A tumbling stock market can create profitable opportunities for bitcoin traders

A tumbling stock market can create profitable opportunities for bitcoin traders

Some of the world’s largest companies are expected to report second-quarter earnings in October, including electric car maker Tesla on October 18, tech giants Meta and Microsoft on October 24, Apple and Amazon on October 26 and Google on October 30. For now, the potential for a more severe global economic slowdown remains, and weak earnings could add to the uncertainty.

Given the unprecedented nature of the US Federal Reserve’s tightening and growing macroeconomic uncertainties, investors fear corporate profitability may begin to deteriorate. In addition, persistent inflation continues to force companies to cut back on hiring and adopt cost-cutting measures.

Strengthening the dollar is particularly punitive for companies listed in the United States because their products become more expensive in other countries, and lower revenue brought in from abroad negatively affects the bottom line. Google, for example, is expected to grow its revenue by less than 10%, down from 40% growth in 2021.

The companies that make up the S&P 500 account total $32.9 trillion and crypto investors expect some of these bets to enter Bitcoin (BTC) if earnings season fails to sustain modest growth — suggesting that the stock market should continue to underperform.

On the one hand, traders are facing pressure from bitcoin’s correlation with stocks, but on the other hand, bitcoin’s scarcity may shine as inflation concerns emerge. This will likely create a huge opportunity for those who are betting on the price of BTC going up, but you should also be very careful with those open positions.

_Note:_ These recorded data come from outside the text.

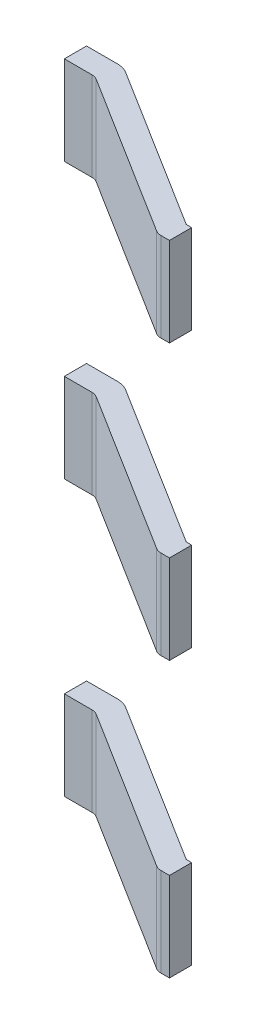
ISO-10303-21;
HEADER;
FILE_DESCRIPTION(('STEP AP214'),'2;1');
FILE_NAME('part.step','',(''),(''),'','','');
FILE_SCHEMA(('AUTOMOTIVE_DESIGN { 1 0 10303 214 1 1 1 1 }'));
ENDSEC;
DATA;
#1=APPLICATION_CONTEXT('core data for automotive mechanical design processes');
#2=APPLICATION_PROTOCOL_DEFINITION('international standard','automotive_design',2000,#1);
#3=PRODUCT_CONTEXT('',#1,'mechanical');
#4=PRODUCT('Part','Part','',(#3));
#5=PRODUCT_RELATED_PRODUCT_CATEGORY('part','',(#4));
#6=PRODUCT_DEFINITION_FORMATION('','',#4);
#7=PRODUCT_DEFINITION_CONTEXT('part definition',#1,'design');
#8=PRODUCT_DEFINITION('design','',#6,#7);
#9=PRODUCT_DEFINITION_SHAPE('','',#8);
#10=(LENGTH_UNIT() NAMED_UNIT(*) SI_UNIT(.MILLI.,.METRE.));
#11=(NAMED_UNIT(*) PLANE_ANGLE_UNIT() SI_UNIT($,.RADIAN.));
#12=(NAMED_UNIT(*) SI_UNIT($,.STERADIAN.) SOLID_ANGLE_UNIT());
#13=UNCERTAINTY_MEASURE_WITH_UNIT(LENGTH_MEASURE(1.E-05),#10,'distance_accuracy_value','');
#14=(GEOMETRIC_REPRESENTATION_CONTEXT(3) GLOBAL_UNCERTAINTY_ASSIGNED_CONTEXT((#13)) GLOBAL_UNIT_ASSIGNED_CONTEXT((#10,
#11,#12)) REPRESENTATION_CONTEXT('',''));
#15=CARTESIAN_POINT('',(0.,0.,0.));
#16=DIRECTION('',(0.,0.,1.));
#17=DIRECTION('',(1.,0.,0.));
#18=AXIS2_PLACEMENT_3D('',#15,#16,#17);
#19=CARTESIAN_POINT('',(-1.824104576066,1.92,0.964303036979));
#20=DIRECTION('',(0.,1.,0.));
#21=DIRECTION('',(-0.530661276733133,0.,0.847583983671212));
#22=AXIS2_PLACEMENT_3D('',#19,#20,#21);
#23=CYLINDRICAL_SURFACE('',#22,0.0925);
#24=CARTESIAN_POINT('',(-1.824104576066,1.92,0.964303036979));
#25=DIRECTION('',(0.,1.,0.));
#26=DIRECTION('',(0.,0.,1.));
#27=AXIS2_PLACEMENT_3D('',#24,#25,#26);
#28=CIRCLE('',#27,0.0925);
#29=CARTESIAN_POINT('',(-1.873190744164,1.92,1.042704555469));
#30=VERTEX_POINT('',#29);
#31=CARTESIAN_POINT('',(-1.824104576066,1.92,1.056803036979));
#32=VERTEX_POINT('',#31);
#33=EDGE_CURVE('P0_E163',#30,#32,#28,.T.);
#34=ORIENTED_EDGE('',*,*,#33,.T.);
#35=DIRECTION('',(0.,1.,0.));
#36=VECTOR('',#35,1.);
#37=CARTESIAN_POINT('',(-1.824104576066,1.92,1.056803036979));
#38=LINE('',#37,#36);
#39=CARTESIAN_POINT('',(-1.824104576066,2.66,1.056803036979));
#40=VERTEX_POINT('',#39);
#41=EDGE_CURVE('P0_E11',#32,#40,#38,.T.);
#42=ORIENTED_EDGE('',*,*,#41,.T.);
#43=CARTESIAN_POINT('',(-1.824104576066,2.66,0.964303036979));
#44=DIRECTION('',(0.,1.,0.));
#45=DIRECTION('',(0.,0.,1.));
#46=AXIS2_PLACEMENT_3D('',#43,#44,#45);
#47=CIRCLE('',#46,0.0925);
#48=CARTESIAN_POINT('',(-1.873190744164,2.66,1.042704555469));
#49=VERTEX_POINT('',#48);
#50=EDGE_CURVE('P0_E183',#49,#40,#47,.T.);
#51=ORIENTED_EDGE('',*,*,#50,.F.);
#52=DIRECTION('',(0.,1.,0.));
#53=VECTOR('',#52,1.);
#54=CARTESIAN_POINT('',(-1.873190744164,1.92,1.042704555469));
#55=LINE('',#54,#53);
#56=EDGE_CURVE('P0_E26',#30,#49,#55,.T.);
#57=ORIENTED_EDGE('',*,*,#56,.F.);
#58=EDGE_LOOP('',(#34,#42,#51,#57));
#59=FACE_BOUND('',#58,.T.);
#60=ADVANCED_FACE('P0_F17',(#59),#23,.T.);
#61=CARTESIAN_POINT('',(-1.850672336196,1.92,1.056803036979));
#62=DIRECTION('',(0.,0.,1.));
#63=DIRECTION('',(1.,0.,0.));
#64=AXIS2_PLACEMENT_3D('',#61,#62,#63);
#65=PLANE('',#64);
#66=DIRECTION('',(1.,0.,0.));
#67=VECTOR('',#66,1.);
#68=CARTESIAN_POINT('',(-1.850672336196,1.92,1.056803036979));
#69=LINE('',#68,#67);
#70=CARTESIAN_POINT('',(-1.7525,1.92,1.056803036979));
#71=VERTEX_POINT('',#70);
#72=EDGE_CURVE('P0_E194',#32,#71,#69,.T.);
#73=ORIENTED_EDGE('',*,*,#72,.T.);
#74=DIRECTION('',(0.,1.,0.));
#75=VECTOR('',#74,1.);
#76=CARTESIAN_POINT('',(-1.7525,1.92,1.056803036979));
#77=LINE('',#76,#75);
#78=CARTESIAN_POINT('',(-1.7525,2.66,1.056803036979));
#79=VERTEX_POINT('',#78);
#80=EDGE_CURVE('P0_E227',#71,#79,#77,.T.);
#81=ORIENTED_EDGE('',*,*,#80,.T.);
#82=DIRECTION('',(1.,0.,0.));
#83=VECTOR('',#82,1.);
#84=CARTESIAN_POINT('',(-1.850672336196,2.66,1.056803036979));
#85=LINE('',#84,#83);
#86=EDGE_CURVE('P0_E187',#40,#79,#85,.T.);
#87=ORIENTED_EDGE('',*,*,#86,.F.);
#88=ORIENTED_EDGE('',*,*,#41,.F.);
#89=EDGE_LOOP('',(#73,#81,#87,#88));
#90=FACE_BOUND('',#89,.T.);
#91=ADVANCED_FACE('P0_F438',(#90),#65,.T.);
#92=CARTESIAN_POINT('',(-3.288172336196,1.92,0.156803036979));
#93=DIRECTION('',(0.530661276733133,0.,-0.847583983671212));
#94=DIRECTION('',(0.,-1.,0.));
#95=AXIS2_PLACEMENT_3D('',#92,#93,#94);
#96=PLANE('',#95);
#97=ORIENTED_EDGE('',*,*,#56,.T.);
#98=DIRECTION('',(0.847583983671212,0.,0.530661276733133));
#99=VECTOR('',#98,1.);
#100=CARTESIAN_POINT('',(-3.288172336196,2.66,0.156803036979));
#101=LINE('',#100,#99);
#102=CARTESIAN_POINT('',(-3.220617112292,2.66,0.19909848151));
#103=VERTEX_POINT('',#102);
#104=EDGE_CURVE('P0_E188',#103,#49,#101,.T.);
#105=ORIENTED_EDGE('',*,*,#104,.F.);
#106=DIRECTION('',(0.,1.,0.));
#107=VECTOR('',#106,1.);
#108=CARTESIAN_POINT('',(-3.220617112292,1.92,0.19909848151));
#109=LINE('',#108,#107);
#110=CARTESIAN_POINT('',(-3.220617112292,1.92,0.19909848151));
#111=VERTEX_POINT('',#110);
#112=EDGE_CURVE('P0_E179',#111,#103,#109,.T.);
#113=ORIENTED_EDGE('',*,*,#112,.F.);
#114=DIRECTION('',(0.847583983671212,0.,0.530661276733133));
#115=VECTOR('',#114,1.);
#116=CARTESIAN_POINT('',(-3.288172336196,1.92,0.156803036979));
#117=LINE('',#116,#115);
#118=EDGE_CURVE('P0_E240',#111,#30,#117,.T.);
#119=ORIENTED_EDGE('',*,*,#118,.T.);
#120=EDGE_LOOP('',(#97,#105,#113,#119));
#121=FACE_BOUND('',#120,.T.);
#122=ADVANCED_FACE('P0_F19',(#121),#96,.F.);
#123=CARTESIAN_POINT('',(-1.7525,1.92,0.871803036979));
#124=DIRECTION('',(1.,0.,0.));
#125=DIRECTION('',(0.,1.,0.));
#126=AXIS2_PLACEMENT_3D('',#123,#124,#125);
#127=PLANE('',#126);
#128=DIRECTION('',(0.,0.,1.));
#129=VECTOR('',#128,1.);
#130=CARTESIAN_POINT('',(-1.7525,1.92,0.871803036979));
#131=LINE('',#130,#129);
#132=CARTESIAN_POINT('',(-1.7525,1.92,0.871803036979));
#133=VERTEX_POINT('',#132);
#134=EDGE_CURVE('P0_E197',#133,#71,#131,.T.);
#135=ORIENTED_EDGE('',*,*,#134,.F.);
#136=DIRECTION('',(0.,1.,0.));
#137=VECTOR('',#136,1.);
#138=CARTESIAN_POINT('',(-1.7525,1.92,0.871803036979));
#139=LINE('',#138,#137);
#140=CARTESIAN_POINT('',(-1.7525,2.66,0.871803036979));
#141=VERTEX_POINT('',#140);
#142=EDGE_CURVE('P0_E230',#133,#141,#139,.T.);
#143=ORIENTED_EDGE('',*,*,#142,.T.);
#144=DIRECTION('',(0.,0.,1.));
#145=VECTOR('',#144,1.);
#146=CARTESIAN_POINT('',(-1.7525,2.66,0.871803036979));
#147=LINE('',#146,#145);
#148=EDGE_CURVE('P0_E205',#141,#79,#147,.T.);
#149=ORIENTED_EDGE('',*,*,#148,.T.);
#150=ORIENTED_EDGE('',*,*,#80,.F.);
#151=EDGE_LOOP('',(#135,#143,#149,#150));
#152=FACE_BOUND('',#151,.T.);
#153=ADVANCED_FACE('P0_F432',(#152),#127,.T.);
#154=CARTESIAN_POINT('',(-1.850672336196,1.92,0.871803036979));
#155=DIRECTION('',(0.,0.,1.));
#156=DIRECTION('',(1.,0.,0.));
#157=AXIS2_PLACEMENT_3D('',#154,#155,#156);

Risk-averse traders can use futures contracts to capitalize on their long positions, but they also risk being liquidated if a sudden negative price move occurs before the corporate earnings calendar. Thus, professional traders are more likely to opt for options trading strategies such as the “long butterfly”.

By trading multiple call (buy) options for the same expiration date, traders can make gains 3 times higher than their potential loss. This options strategy allows the trader to profit from the upside while limiting losses.

It is important to remember that all options have a fixed expiration date, so the price hike of the asset must occur within the specified period.

Cautionary approach to using call options

Below are the expected returns using Bitcoin options for the October 28 expiration, but this methodology can also be applied using different time frames. While costs will vary, overall efficiency will not be affected.

Estimating profit/loss. Source: Deribit Position Builder

This call option gives the buyer the right to receive an asset, but the seller of the contract receives a (potential) negative exposure. The Long Butterfly strategy requires a short position with a call option, but the trade is hedged on both sides – which limits exposure.

To start the execution, the investor buys 13 Bitcoin call options with a strike of $20,000 and sells 24 contracts of $23,000. To finish the trade, one can buy 10.5 BTC call options contracts of $26,000 to avoid losses above this level.

Derivatives exchange rate contracts in BTC terms, the price was $19,222 when this strategy was quoted.

With this strategy, any result between $20,690 (up 7.6%) and $26,000 (up 35.3%) results in a net profit – for example, an optimal price increase of 20% to $23,000 results in a net profit. A net profit of 1.36 BTC, or $24,782 at current levels. Meanwhile, the maximum loss is 0.46 BTC or $8,382 if the price at the expiration date on Oct 28 is below $20,000.

The “Long Butterfly” strategy provides a potential profit 3 times greater than the maximum loss.

In general, trading yields a better risk-to-reward outcome than leveraged futures trading, especially given the limited downside. It certainly looks attractive to those anticipating deteriorating business conditions for listed companies.

It is worth noting that the only upfront fee required is 0.46 BTC, which is enough to cover the maximum loss.